Als Konsequenz fordert Hannis auch für die Ärzte ein effektives "Risk Management", bei dem in aller Offenheit intern über jedes Missgeschick diskutiert wird. "Dabei geht es nicht um Schuldzuweisungen, sondern darum, aus gemachten Fehlern zu lernen, um sie effektiv bekämpfen zu können", sagte Hannis. Auch sei in den Kliniken ein Betriebsklima ohne Angst vor Autoritäten und Repression wichtig. Als erster müsse der Chef über eigene Missgeschicke reden, um den untergebenen Ärzten die Angst vor Konsequenzen zu nehmen.


Nach Ansicht von AOK-Vorstandschef Hans Jürgen Ahrens könnte der Medizinbetrieb durch besseres Fehlermanagement auch kräftig sparen. So ließen sich die immensen Haftpflichtsummen von Ärzten und Kliniken deutlich reduzieren, wenn sie gegenüber den Versicherern ein praktiziertes "Fehlermanagement" nachweisen könnten. Jeder Fehler weniger erspare nicht nur dem Patienten Leid, den Behandelnden und Pflegenden Schuldgefühle, Stress und Sanktionen, sondern auch den Kostenträgern Geld, das an anderer Stelle sinnvoll eingesetzt werden könne.


Wie viele Menschen in Deutschland von Medizinfehlern betroffen sind, ist unbekannt. Nach einer Studie des Berliner Robert-Koch-Instituts werden jährlich etwa 12 000 Fehler nachgewiesen. Doch die Dunkelziffer ist nach Expertenmeinung hoch.

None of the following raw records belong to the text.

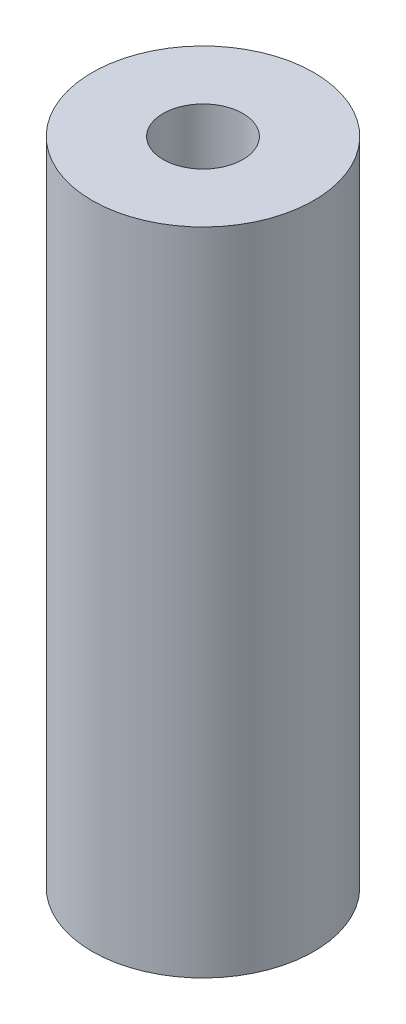
from build123d import *

# Parameters (mm, degrees)
SKETCH1_R           = 3.75
BOSS_EXTRUDE1_DEPTH = 22
SKETCH2_R           = 1.35
CUT_EXTRUDE1_DEPTH  = 23.630178965


with BuildPart() as part:
    # Sketch1 → Boss-Extrude1 (new body)
    with BuildSketch(Plane(origin=(0, 0, 0), x_dir=(1, 0, 0), z_dir=(0, 1, 0))):
        with Locations(Location((0, 0, 0), (0, 0, 270))):
            Circle(SKETCH1_R)
    extrude(amount=BOSS_EXTRUDE1_DEPTH)

    # Sketch2 → Cut-Extrude1 (cut, through all)
    with BuildSketch(Plane.XZ):
        with Locations(Location((0, 0, 0), (0, 0, 270))):
            Circle(SKETCH2_R)
    extrude(amount=-CUT_EXTRUDE1_DEPTH, mode=Mode.SUBTRACT)


solid = part.part
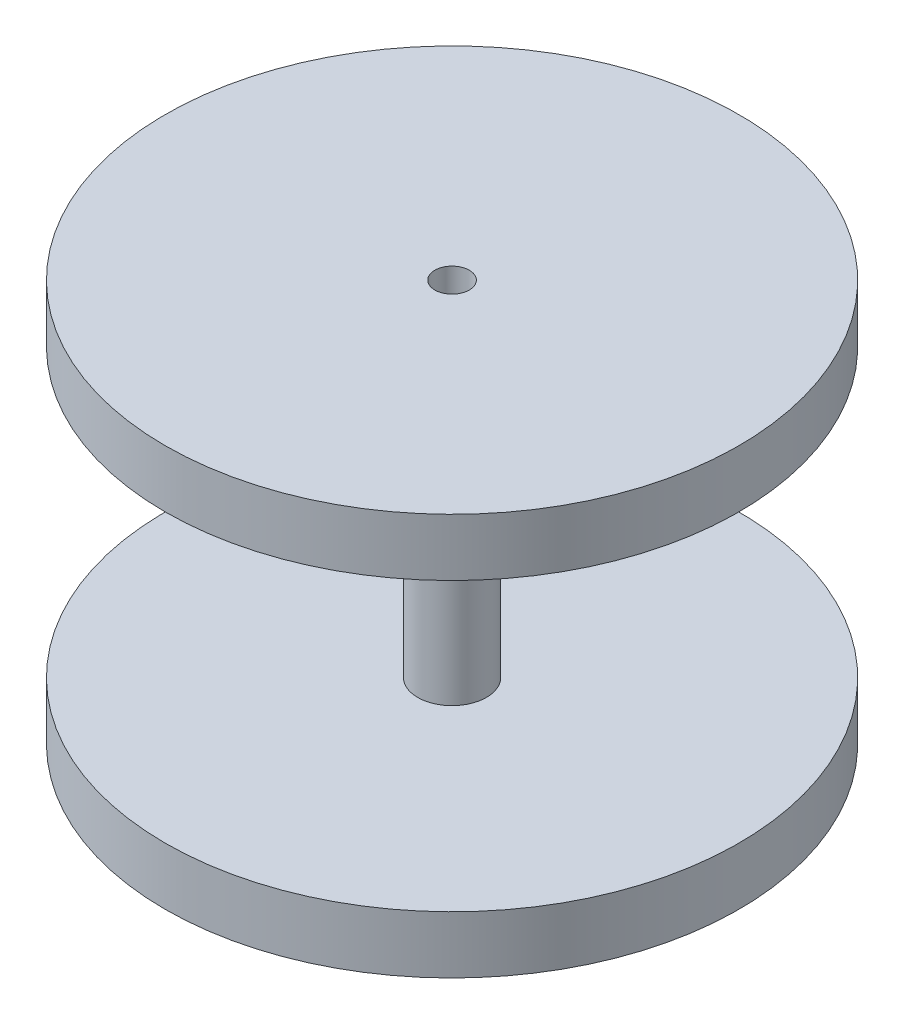
from build123d import *

# Parameters (mm, degrees)
SKETCH1_R           = 25
BOSS_EXTRUDE1_DEPTH = 5
SKETCH2_R           = 3
BOSS_EXTRUDE2_DEPTH = 25
SKETCH3_R           = 25
BOSS_EXTRUDE3_DEPTH = 5
SKETCH4_R           = 1.5
CUT_EXTRUDE1_DEPTH  = 50.749371855


with BuildPart() as part:
    # Sketch1 → Boss-Extrude1 (new body)
    with BuildSketch(Plane(origin=(0, 0, 0), x_dir=(1, 0, 0), z_dir=(0, 1, 0))):
        with Locations(Location((0, 0, 0), (0, 0, 270))):
            Circle(SKETCH1_R)
    extrude(amount=BOSS_EXTRUDE1_DEPTH)

    # Sketch2 → Boss-Extrude2 (add)
    with BuildSketch(Plane(origin=(0, 5, 0), x_dir=(1, 0, 0), z_dir=(0, 1, 0))):
        with Locations(Location((0, 0, 0), (0, 0, 270))):
            Circle(SKETCH2_R)
    extrude(amount=BOSS_EXTRUDE2_DEPTH)

    # Sketch3 → Boss-Extrude3 (add)
    with BuildSketch(Plane(origin=(0, 30, 0), x_dir=(1, 0, 0), z_dir=(0, 1, 0))):
        with Locations(Location((0, 0, 0), (0, 0, 270))):
            Circle(SKETCH3_R)
    extrude(amount=BOSS_EXTRUDE3_DEPTH)

    # Sketch4 → Cut-Extrude1 (cut, through all)
    with BuildSketch(Plane(origin=(0, 35, 0), x_dir=(1, 0, 0), z_dir=(0, 1, 0))):
        with Locations(Location((0, 0, 0), (0, 0, 270))):
            Circle(SKETCH4_R)
    extrude(amount=-CUT_EXTRUDE1_DEPTH, mode=Mode.SUBTRACT)


solid = part.part

Tatsache ist, dass die Konfliktquote im Gesundheitswesen steigt und vermehrt Streit um Kunstfehler und Kostenerstattung stattfinden. So vermuten immer mehr Patienten, einen Behandlungsfehler erlitten zu haben: 2004 gingen beispielsweise bei der Techniker Krankenkasse (TK) rund 6.000 Beschwerden wegen vermuteter Fehlbehandlungen ein. Im Jahr 2000 meldeten die Versicherten der TK nur 1.300 Fälle. "Von Jahr zu Jahr erhöht sich die Anzahl der gemeldeten Fälle - von 2002 auf 2003 hat sich die Zahl sogar verdoppelt", sagt Gudrun Berger, Leiterin der Abteilung Behandlungsfehler des Fachreferates Medizinrecht der TK. "Grundsätzlich heißt das nicht, dass Ärzte mehr Fehler machen; die Patienten haben einfach mehr Mut, gegen die `Halbgötter in Weiß´ anzugehen."

Auch bei der Erstattung von Arztrechnungen bei Privatpatienten steigt die Konfliktquote: Die Mehrzahl der Anwälte des Medizinrechts-Beratungsnetzes berichtet hinsichtlich der Konflikte zwischen Patienten und privaten Krankenversicherern (PKV) von einer Steigerung zwischen 30 und 40 Prozent. Vertrauensanwalt Michael Winkler: "Die PKV erstatten offenbar restriktiver, aber häufig sind sich die Versicherten auch nicht über den Leistungsumfang ihres Versicherungstarifs und die Vertragsbindungen im Klaren."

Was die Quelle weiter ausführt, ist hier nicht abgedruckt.